MUSIC
For several years, the Jazz à La Villette festival, in the park of the same name in Paris, has included musicians from the so-called “new British jazz scene”, which appeared more or less in the mid-2010s, on its annual program. Artists who find themselves in various collectives, sometimes play in several groups, bring jazz into play with other genres, soul, electro, music from the British West Indies, pop, rap…
Thus have already come to the festival the groups Maisha, Kokoroko led by trumpeter Sheila Maurice-Grey, GoGo Penguin (who returns on Saturday September 9), saxophonist Nubya Garcia, singer Zara McFarlane, and saxophonist Shabaka Hutchings − probably the best known . On Saturday September 2, the festival hosted under the metal framework of the Grande Halle two groups, Steam Down, founded in 2017, and Ezra Collective, born in 2016.
At the heart of Steam Down, which mixes jazz improvisation with elements ofafrobeat (popularized in the 1970s by the Nigerian Fela Kuti, died in 1997) and rap, there is the saxophonist and singer Wayne Francis, known as Ahnansé. During the concert, he evokes the importance for him of the American saxophonist Wayne Shorter (1933-2023). This is sometimes heard in the construction of his solo interventions, whose lyricism can also evoke that of Pharoah Sanders (1940-2022). His phrases find a complement in the vocal strength of the singer Afronaut Zu. A move towards reggae, another towards the memory of a trip to Colombia lead the group’s music towards other lands, pleasant, but without being very creative.
Afrobeat and soul jazz
This is also somewhat what emerges from the performance of the Ezra Collective quintet. At its head, drummer Femi Koleoso. Again, Afrobeat is an obvious source, with additions of Cuban music. Without really, at least during this concert, going beyond the stylistic reference, developing it. Some solo parts of the keyboardist Joe Armon-Jones and trumpeter Ife Ogunjobi revive interest. On several occasions, the momentum of this music, certainly euphoric, is cut by monologues by Femi Koleoso. “Ezra Collective wants to make you happy (…), joy is the most beautiful thing in the world. » In the room, in accordance with these declarations, we dance, we sing “lalalala” on demand.

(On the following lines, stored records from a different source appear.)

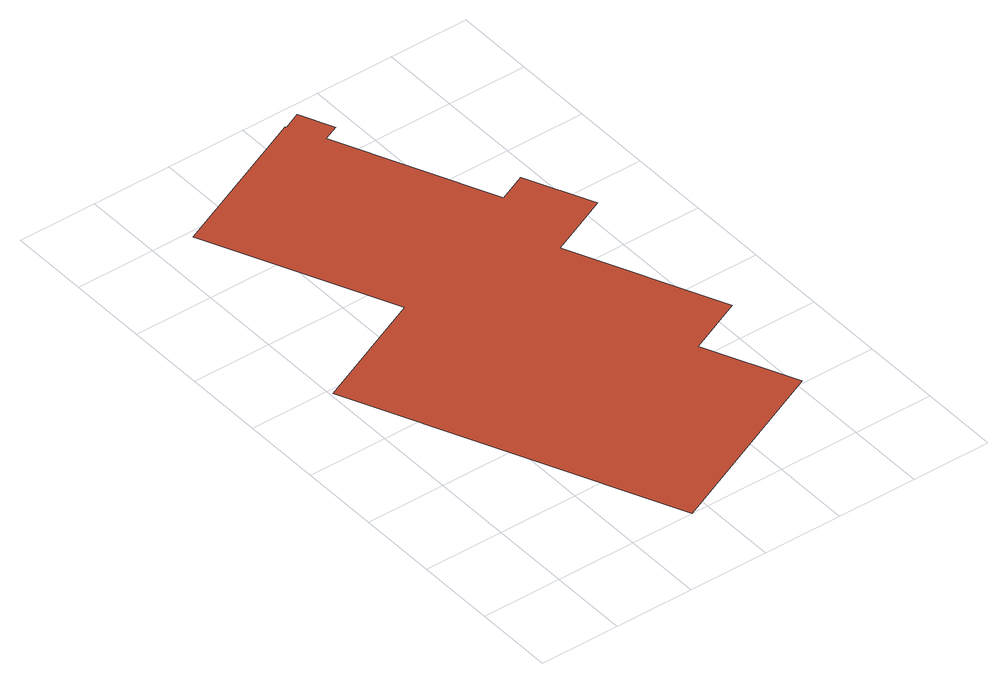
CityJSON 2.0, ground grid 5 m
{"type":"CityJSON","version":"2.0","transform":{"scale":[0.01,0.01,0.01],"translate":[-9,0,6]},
"CityObjects":{
"building1":{"type":"Building","attributes":{"AboveGround":"False","IsExternal":"False","IsLandmarked":"False","NumberOfStoreys":"3","Reference":"Project Information"},"geometry":[{"type":"MultiSurface","lod":"0.2","boundaries":[[[0,1,2,3,4,5,6,7,8,9,10,11,12,13,14,15]]],"semantics":{"surfaces":[{"type":"RoofSurface"}],"values":[0]}}]}
},
"vertices":[
[900,0,45],[2044,514,45],[1788,1085,45],[2143,1244,45],[1720,2187,45],[2107,2360,45],[1918,2780,45],[1742,2701,45],[1306,3672,45],[1403,3715,45],[1308,3926,45],[1199,3877,45],[1195,3886,45],[242,3458,45],[762,2299,45],[18,1965,45]
]}
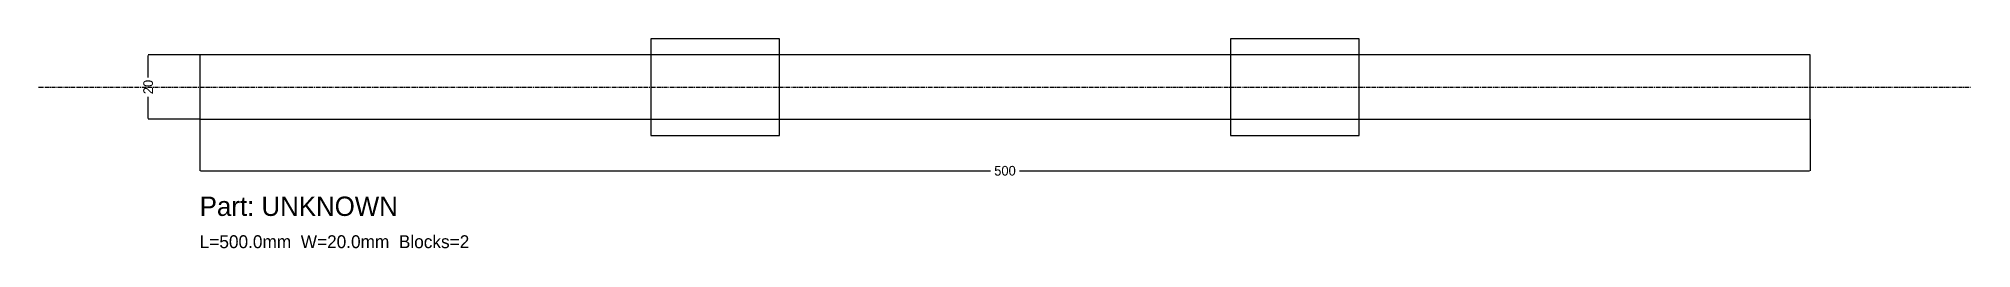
# Model space of a CAD drawing. Header units: metres. Extents: x -50 to 550, y -50 to 15.
import ezdxf

# ---------------------------------------------------------------- set-up
doc = ezdxf.new("R2010")
doc.units = ezdxf.units.M
doc.linetypes.add('CENTER', pattern=[2, 1.25, -0.25, 0.25, -0.25])
for name, color, linetype in [('BLOCKS', 1, 'Continuous'), ('CENTERLINES', 3, 'Continuous'), ('DIMENSIONS', 7, 'Continuous'), ('RAIL', 5, 'Continuous')]:
    doc.layers.add(name, color=color, linetype=linetype)
doc.dimstyles.get("Standard").update_dxf_attribs({"dimtxt": 2.5, "dimasz": 2.5, "dimexe": 1.25, "dimexo": 0.625, "dimtad": 1, "dimcen": 2.5, "dimazin": 3, "dimtfac": 1, "dimtmove": 0, "dimatfit": 3})

# ---------------------------------------------------------------- blocks, each defined once
blk = doc.blocks.new('_CLOSEDFILLED')
at = {"color": 0, "linetype": 'BYBLOCK'}
blk.add_solid([(-1, 0.2), (0, 0), (-1, -0.2)], dxfattribs=at)
blk = doc.blocks.new('*D1')
for p, q in [((0, -10), (0, -26)), ((500, -10), (500, -26)), ((0.25, -26), (245.5, -26)), ((254.5, -26), (499.75, -26))]:
    blk.add_line(p, q)
at = {"layer": 'Defpoints'}
for p in [(0, -10), (500, -10), (0, -26)]:
    blk.add_point(p, dxfattribs=at)
at = {"xscale": 0.25, "yscale": 0.25, "rotation": 180}
blk.add_blockref('_CLOSEDFILLED', (0, -26), dxfattribs=at)
at = {"xscale": 0.25, "yscale": 0.25}
blk.add_blockref('_CLOSEDFILLED', (500, -26), dxfattribs=at)
at = {"insert": (250, -26), "char_height": 3, "attachment_point": 5}
blk.add_mtext('500', dxfattribs=at)
blk = doc.blocks.new('*D2')
for p, q in [((0, 10), (-16, 10)), ((-16, 3), (-16, 9.75)), ((-16, -9.75), (-16, -3)), ((0, -10), (-16, -10))]:
    blk.add_line(p, q)
at = {"layer": 'Defpoints'}
for p in [(0, 10), (-16, -10), (0, -10)]:
    blk.add_point(p, dxfattribs=at)
at = {"xscale": 0.25, "yscale": 0.25}
for p, rotation in [((-16, 10), 90), ((-16, -10), 270)]:
    blk.add_blockref('_CLOSEDFILLED', p, dxfattribs=dict(at, rotation=rotation))
at = {"insert": (-16, 0), "char_height": 3, "attachment_point": 5, "rotation": 90}
blk.add_mtext('20', dxfattribs=at)

msp = doc.modelspace()

# ---------------------------------------------------------------- linework, layer by layer
at = {"layer": 'BLOCKS'}
for points in [[(140, -15), (180, -15), (180, 15), (140, 15), (140, -15)], [(320, -15), (360, -15), (360, 15), (320, 15), (320, -15)]]:
    msp.add_lwpolyline(points, dxfattribs=at)
at = {"layer": 'CENTERLINES', "linetype": 'CENTER'}
msp.add_line((-50, 0), (550, 0), dxfattribs=at)
at = {"layer": 'RAIL'}
msp.add_lwpolyline([(0, -10), (500, -10), (500, 10), (0, 10), (0, -10)], dxfattribs=at)

# ---------------------------------------------------------------- texts
at = {"layer": 'DIMENSIONS'}
for s, height, p in [('Part: UNKNOWN', 6, (0, -40)), ('L=500.0mm  W=20.0mm  Blocks=2', 4, (0, -50))]:
    msp.add_text(s, height=height, dxfattribs=at).set_placement(p)

# ---------------------------------------------------------------- dimensions: what is measured, and where the dimension line sits
dim = msp.add_linear_dim(base=(-16, -10), p1=(0, -10), p2=(0, 10), angle=90, dimstyle='Standard', override={"dimtxt": 3})
dim.commit()
dim.dimension.update_dxf_attribs({"geometry": '*D2', "text_midpoint": (-16, 0)})
dim = msp.add_linear_dim(base=(0, -26), p1=(0, -10), p2=(500, -10), dimstyle='Standard', override={"dimtxt": 3})
dim.commit()
dim.dimension.update_dxf_attribs({"geometry": '*D1', "text_midpoint": (250, -26)})

doc.saveas('drawing.dxf')
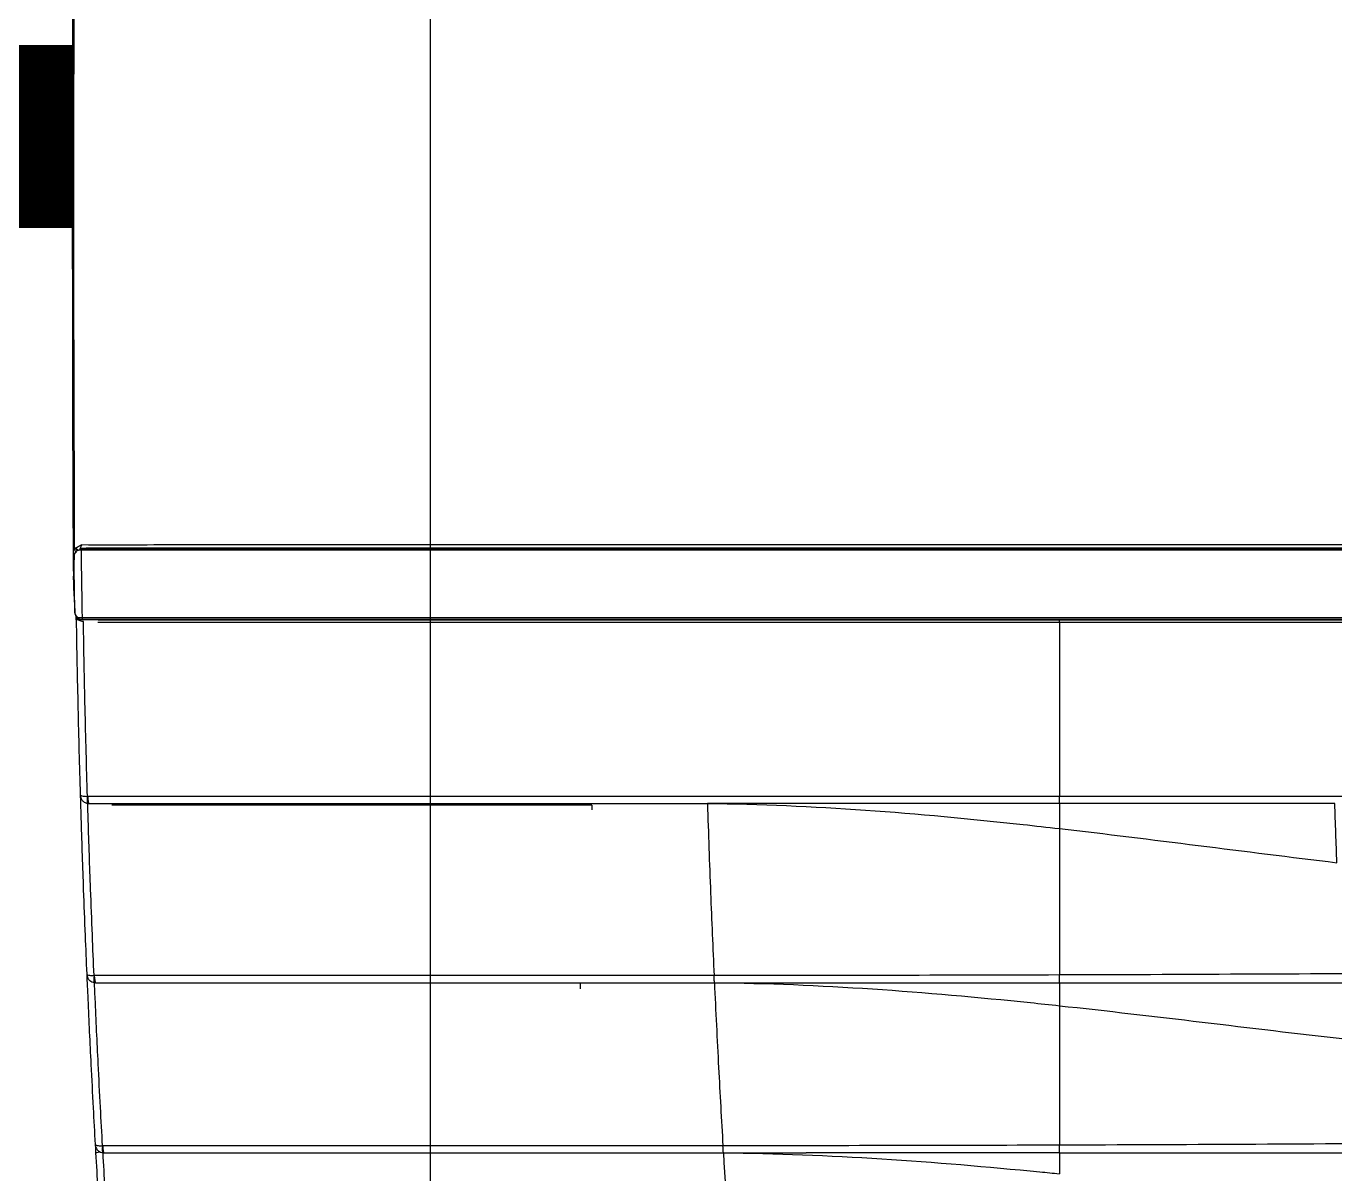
# Model space of a CAD drawing. Header units: millimetres. Extents: x 144680 to 236290, y -190947 to -149396.
# Drawn here: x 222566.7 to 222709.7, y -174328.7 to -174203.2 of the extents above; entities that cross this region are included whole.
import ezdxf

# ---------------------------------------------------------------- set-up
doc = ezdxf.new("R2010")
doc.units = ezdxf.units.MM
doc.header["$LTSCALE"] = 100
doc.linetypes.add('HID2', pattern=[1, 0.5, -0.5])
doc.linetypes.add('HIDDEN', pattern=[9.525, 6.35, -3.175])
doc.layers.add('3.기호.계단선', color=30, linetype='Continuous')

# ---------------------------------------------------------------- blocks, each defined once
blk = doc.blocks.new('acrjtlf')
at = {"color": 8}
for p, q in [((1569971.71, 1745737.52), (1569971.54, 1745737.52)), ((1569971.54, 1745737.52), (1569971.54, 1745737.52)), ((1569971.65, 1745736.73), (1569971.65, 1745736.72)), ((1569971.58, 1745734.08), (1569971.58, 1745734.08)), ((1569971.59, 1745734.15), (1569971.59, 1745734.14)), ((1569971.6, 1745733.05), (1569971.6, 1745733.04)), ((1569971.73, 1745730.47), (1569971.73, 1745730.47)), ((1569971.73, 1745730.47), (1569971.73, 1745730.47))]:
    blk.add_line(p, q, dxfattribs=at)
at = {"color": 1, "linetype": 'HIDDEN'}
blk.add_lwpolyline([(1571303.38, 1746002.87), (1571303.38, 1745562.22), (1570010.6, 1745562.22), (1570010.6, 1746002.87)], close=True, dxfattribs=at)
at = {"color": 8}
blk.add_arc((1569972.34, 1745737.32), 0.196, 90, 99.4283, dxfattribs=at)
for centre, major_axis, ratio, start_param, end_param in [((1569972.69, 1745737.53), (-0.979, -0.011), 0.000851, 5.81073, 6.230827), ((1569972.2, 1745737.34), (-0.489, 0.021), 0.710917, 0.074486, 0.971745), ((1569972.25, 1745737.52), (-0.427, 0.24), 0.699022, 0.689796, 1.432768), ((1569972.29, 1745737.57), (-0.385, 0.303), 0.676566, 0.870738, 1.553972), ((1569972.34, 1745737.32), (0.032, -0.193), 0.348188, 3.1344, 4.658358), ((1569972.34, 1745737.32), (0, -0.196), 0.351833, 3.141593, 4.716068), ((1569972.46, 1745737.32), (0, -0.196), 0.205027, 3.141593, 4.714452), ((1569972.56, 1745729.93), (0, -0.196), 0.201921, 4.714424, 6.229723), ((1569973.26, 1745710.39), (0.124, 0.773), 0.18902, 1.609012, 3.142438), ((1569973.3, 1745710.39), (0, -0.783), 0.192414, 4.720156, 6.283185), ((1569973.98, 1745690.81), (0.109, 0.776), 0.18309, 1.608242, 3.142333), ((1569974.01, 1745690.81), (0, -0.783), 0.1863, 4.724017, 6.283185), ((1569974.9, 1745672.2), (0.094, 0.778), 0.175481, 1.613044, 3.142228), ((1569974.93, 1745672.2), (0, -0.783), 0.179084, 4.733363, 6.283185)]:
    blk.add_ellipse(centre, major_axis=major_axis, ratio=ratio, start_param=start_param, end_param=end_param, dxfattribs=at)
for points, degree in [([(1569974.14, 1745900.08), (1569972.03, 1745865.53), (1569971.16, 1745830.9), (1569971.54, 1745737.52)], 3), ([(1569971.71, 1745737.52), (1569971.34, 1745830.9), (1569972.21, 1745865.53), (1569974.31, 1745900.1)], 3), ([(1569971.65, 1745736.73), (1569971.63, 1745735.96)], 1), ([(1569971.71, 1745737.33), (1569971.71, 1745737.39), (1569971.71, 1745737.46), (1569971.71, 1745737.52)], 3), ([(1569971.82, 1745737.52), (1569971.84, 1745737.54), (1569971.86, 1745737.55), (1569971.88, 1745737.57)], 3), ([(1569972.42, 1745737.32), (1569972.37, 1745737.32), (1569972.32, 1745737.32), (1569972.28, 1745737.32)], 3), ([(1569972.34, 1745737.52), (1569972.38, 1745737.52), (1569972.42, 1745737.52), (1569972.46, 1745737.52)], 3), ([(1569972.46, 1745737.52), (1569972.62, 1745737.52), (1569972.79, 1745737.52), (1569972.96, 1745737.52)], 3), ([(1569971.62, 1745735.43), (1569971.59, 1745734.15)], 1), ([(1569971.58, 1745734.08), (1569971.59, 1745734.21), (1569971.59, 1745734.33), (1569971.6, 1745734.45)], 3), ([(1569971.58, 1745734.08), (1569971.58, 1745734.08), (1569971.58, 1745734.08), (1569971.58, 1745734.08)], 3), ([(1569971.88, 1745729.68), (1569971.88, 1745729.83), (1569971.88, 1745729.99), (1569971.87, 1745730.14)], 3), ([(1569972.11, 1745729.68), (1569971.96, 1745729.68), (1569971.88, 1745729.67), (1569971.88, 1745729.67)], 3), ([(1569972.1, 1745729.68), (1569972.13, 1745729.73), (1569972.17, 1745729.79), (1569972.23, 1745729.82)], 3), ([(1569972.46, 1745729.73), (1569972.47, 1745729.73), (1569972.47, 1745729.73), (1569972.47, 1745729.73)], 3), ([(1569972.47, 1745729.73), (1569973.07, 1745729.73), (1569973.67, 1745729.73), (1569974.27, 1745729.73)], 3), ([(1570079.34, 1745729.39), (1570079.34, 1745729.49), (1570079.34, 1745729.58), (1570079.35, 1745729.58)], 3), ([(1570079.34, 1745729.39), (1570079.34, 1745723.05), (1570079.34, 1745716.72), (1570079.34, 1745710.39)], 3), ([(1569972.32, 1745710.56), (1569972.33, 1745710.24), (1569972.34, 1745709.92), (1569972.35, 1745709.61)], 3), ([(1569973.14, 1745710.38), (1569973.13, 1745710.38), (1569973.12, 1745710.39), (1569973.11, 1745710.39)], 3), ([(1569973.14, 1745709.62), (1569973.19, 1745709.61), (1569973.24, 1745709.61), (1569973.3, 1745709.61)], 3), ([(1570028.23, 1745709.42), (1570028.23, 1745709.24), (1570028.23, 1745709.07), (1570028.23, 1745708.9)], 3), ([(1570052.08, 1745709.61), (1570048.35, 1745709.61), (1570044.61, 1745709.61), (1570040.88, 1745709.61)], 3), ([(1570040.88, 1745709.61), (1570040.88, 1745709.61), (1570040.88, 1745709.61), (1570040.88, 1745709.61)], 3), ([(1570109.45, 1745709.61), (1570099.41, 1745709.61), (1570089.37, 1745709.61), (1570079.34, 1745709.61)], 3), ([(1570079.34, 1745709.61), (1570079.34, 1745708.69), (1570079.34, 1745707.77), (1570079.34, 1745706.87)], 3), ([(1570109.68, 1745703.14), (1570109.6, 1745705.3), (1570109.52, 1745707.45), (1570109.45, 1745709.61)], 3), ([(1570079.34, 1745706.87), (1570089.48, 1745705.71), (1570099.57, 1745704.35), (1570109.68, 1745703.14)], 3), ([(1569973.03, 1745690.96), (1569973.05, 1745690.65), (1569973.06, 1745690.34), (1569973.07, 1745690.02)], 3), ([(1569973.86, 1745690.8), (1569973.85, 1745690.8), (1569973.84, 1745690.8), (1569973.83, 1745690.8)], 3), ([(1570079.34, 1745690.86), (1570066.75, 1745690.82), (1570054.17, 1745690.8), (1570041.6, 1745690.8)], 3), ([(1569973.87, 1745690.03), (1569973.92, 1745690.03), (1569973.96, 1745690.02), (1569974.01, 1745690.02)], 3), ([(1569974.55, 1745690.02), (1569974.56, 1745690.02), (1569974.56, 1745690.02), (1569974.56, 1745690.02)], 3), ([(1570026.95, 1745690.02), (1570026.95, 1745689.79), (1570026.95, 1745689.57), (1570026.95, 1745689.34)], 3), ([(1570041.64, 1745690.02), (1570054.19, 1745690.02), (1570066.76, 1745690.02), (1570079.34, 1745690.02)], 3), ([(1570041.64, 1745690.02), (1570041.64, 1745690.02), (1570041.64, 1745690.02), (1570041.64, 1745690.02)], 3), ([(1570079.34, 1745690.02), (1570083.99, 1745690.02), (1570088.65, 1745690.02), (1570093.3, 1745690.02)], 3), ([(1570079.34, 1745690.02), (1570079.34, 1745689.17), (1570079.34, 1745688.33), (1570079.34, 1745687.5)], 3), ([(1570093.3, 1745690.02), (1570098.95, 1745690.02), (1570104.6, 1745690.02), (1570110.25, 1745690.02)], 3), ([(1570079.34, 1745687.5), (1570089.77, 1745686.38), (1570100.15, 1745685.05), (1570110.56, 1745683.87)], 3), ([(1569974.79, 1745672.18), (1569974.78, 1745672.18), (1569974.77, 1745672.18), (1569974.76, 1745672.19)], 3), ([(1570079.34, 1745672.25), (1570067.07, 1745672.21), (1570054.81, 1745672.19), (1570042.57, 1745672.19)], 3), ([(1569974.01, 1745671.42), (1569974.01, 1745671.45), (1569974.19, 1745671.49), (1569974.48, 1745671.52)], 3), ([(1569974.81, 1745671.42), (1569974.85, 1745671.42), (1569974.89, 1745671.42), (1569974.93, 1745671.42)], 3), ([(1570042.62, 1745671.42), (1570045.64, 1745671.42), (1570048.65, 1745671.42), (1570051.67, 1745671.42)], 3), ([(1570042.62, 1745671.42), (1570042.95, 1745665.81), (1570043.32, 1745660.18), (1570043.72, 1745654.55)], 3), ([(1570042.62, 1745671.42), (1570042.62, 1745671.42), (1570042.62, 1745671.42), (1570042.62, 1745671.42)], 3), ([(1570079.34, 1745671.42), (1570070.11, 1745671.42), (1570060.89, 1745671.42), (1570051.67, 1745671.42)], 3), ([(1570079.34, 1745671.42), (1570084.64, 1745671.42), (1570089.94, 1745671.42), (1570095.24, 1745671.42)], 3), ([(1570079.34, 1745671.42), (1570079.34, 1745670.64), (1570079.34, 1745669.88), (1570079.34, 1745669.12)], 3), ([(1570095.24, 1745671.42), (1570100.58, 1745671.42), (1570105.93, 1745671.42), (1570111.28, 1745671.42)], 3)]:
    blk.add_open_spline(points, degree=degree, dxfattribs=at)
for points, knots in [([(1569971.54, 1745737.52), (1569971.54, 1745737.06), (1569971.55, 1745736.6), (1569971.56, 1745735.8), (1569971.56, 1745735.46), (1569971.57, 1745734.77), (1569971.58, 1745734.43), (1569971.58, 1745734.08)], [0, 0, 0, 0, 0.399294, 0.399294, 0.699647, 0.699647, 1, 1, 1, 1]), ([(1569971.65, 1745736.72), (1569971.64, 1745736.29), (1569971.63, 1745735.86), (1569971.61, 1745735), (1569971.6, 1745734.57), (1569971.59, 1745734.14)], [0, 0, 0, 0, 0.5, 0.5, 1, 1, 1, 1]), ([(1569972.28, 1745737.32), (1569972.21, 1745737.31), (1569972.15, 1745737.3), (1569972.02, 1745737.25), (1569971.95, 1745737.21), (1569971.82, 1745737.12), (1569971.76, 1745737.06), (1569971.68, 1745736.9), (1569971.65, 1745736.81), (1569971.65, 1745736.72)], [0, 0, 0, 0, 0.154456, 0.154456, 0.374956, 0.374956, 0.653826, 0.653826, 1, 1, 1, 1]), ([(1569971.73, 1745730.47), (1569971.73, 1745730.67), (1569971.73, 1745730.86), (1569971.71, 1745731.9), (1569971.7, 1745732.75), (1569971.67, 1745734.45), (1569971.66, 1745735.29), (1569971.65, 1745736.33), (1569971.65, 1745736.53), (1569971.65, 1745736.72)], [0, 0, 0, 0, 0.092547, 0.092547, 0.500171, 0.500171, 0.907796, 0.907796, 1, 1, 1, 1]), ([(1569971.71, 1745737.33), (1569971.72, 1745737.39), (1569971.75, 1745737.45), (1569971.81, 1745737.51), (1569971.81, 1745737.51), (1569971.82, 1745737.52)], [0, 0, 0, 0, 0.894177, 0.894177, 1, 1, 1, 1]), ([(1569971.88, 1745737.57), (1569971.91, 1745737.59), (1569971.95, 1745737.61), (1569972.06, 1745737.67), (1569972.14, 1745737.72), (1569972.26, 1745737.78), (1569972.29, 1745737.8), (1569972.35, 1745737.83), (1569972.38, 1745737.85), (1569972.42, 1745737.87), (1569972.43, 1745737.87), (1569972.45, 1745737.89), (1569972.46, 1745737.89), (1569972.47, 1745737.9), (1569972.48, 1745737.9), (1569972.48, 1745737.9), (1569972.49, 1745737.9), (1569972.49, 1745737.91), (1569972.49, 1745737.91), (1569972.5, 1745737.91)], [0, 0, 0, 0, 0.211843, 0.211843, 0.618776, 0.618776, 0.759942, 0.759942, 0.870728, 0.870728, 0.929874, 0.929874, 0.961875, 0.961875, 0.979256, 0.979256, 0.992466, 0.992466, 1, 1, 1, 1]), ([(1569972.5, 1745737.91), (1569972.5, 1745737.91), (1569972.49, 1745737.9), (1569972.49, 1745737.9), (1569972.49, 1745737.9), (1569972.49, 1745737.89), (1569972.48, 1745737.88), (1569972.48, 1745737.87), (1569972.47, 1745737.86), (1569972.46, 1745737.84), (1569972.46, 1745737.83), (1569972.44, 1745737.79), (1569972.42, 1745737.76), (1569972.4, 1745737.7), (1569972.38, 1745737.66), (1569972.35, 1745737.59), (1569972.33, 1745737.55), (1569972.31, 1745737.51)], [0, 0, 0, 0, 0.013568, 0.013568, 0.037214, 0.037214, 0.068468, 0.068468, 0.126077, 0.126077, 0.232683, 0.232683, 0.432706, 0.432706, 0.68324, 0.68324, 1, 1, 1, 1]), ([(1569972.37, 1745737.46), (1569977.18, 1745737.46), (1569982.02, 1745737.46), (1569991.69, 1745737.46), (1569996.54, 1745737.46), (1570011.09, 1745737.46), (1570020.82, 1745737.46), (1570050.06, 1745737.46), (1570069.62, 1745737.46), (1570108.75, 1745737.46), (1570128.32, 1745737.46), (1570167.47, 1745737.46), (1570187.04, 1745737.46), (1570284.89, 1745737.46), (1570363.18, 1745737.46), (1570530.2, 1745737.46)], [0, 0, 0, 0, 0.03125, 0.03125, 0.0625, 0.0625, 0.125, 0.125, 0.25, 0.25, 0.375, 0.375, 0.5, 0.5, 1, 1, 1, 1]), ([(1570530.2, 1745737.32), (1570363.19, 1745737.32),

Among the British formations, the festival hosted, for the second time, the Organ Trio of the American Delvon Lamarr, founded in Seattle in 2015. Soul jazz of the late 1950s, early 1960s, and funk dominate. At the Hammond organ, with Leslie cabinet (system of amplification and modulation of sound by rotation), playing b on the pedalboard of the organ, Delvon Lamarr does not put his virtuosity in the foreground. The current members of the trio, guitarist Josh Perdue, mainly rhythmic, subtle in the use of the wah-wah effect pedal, and drummer Sam Groveman, are precise accompanists.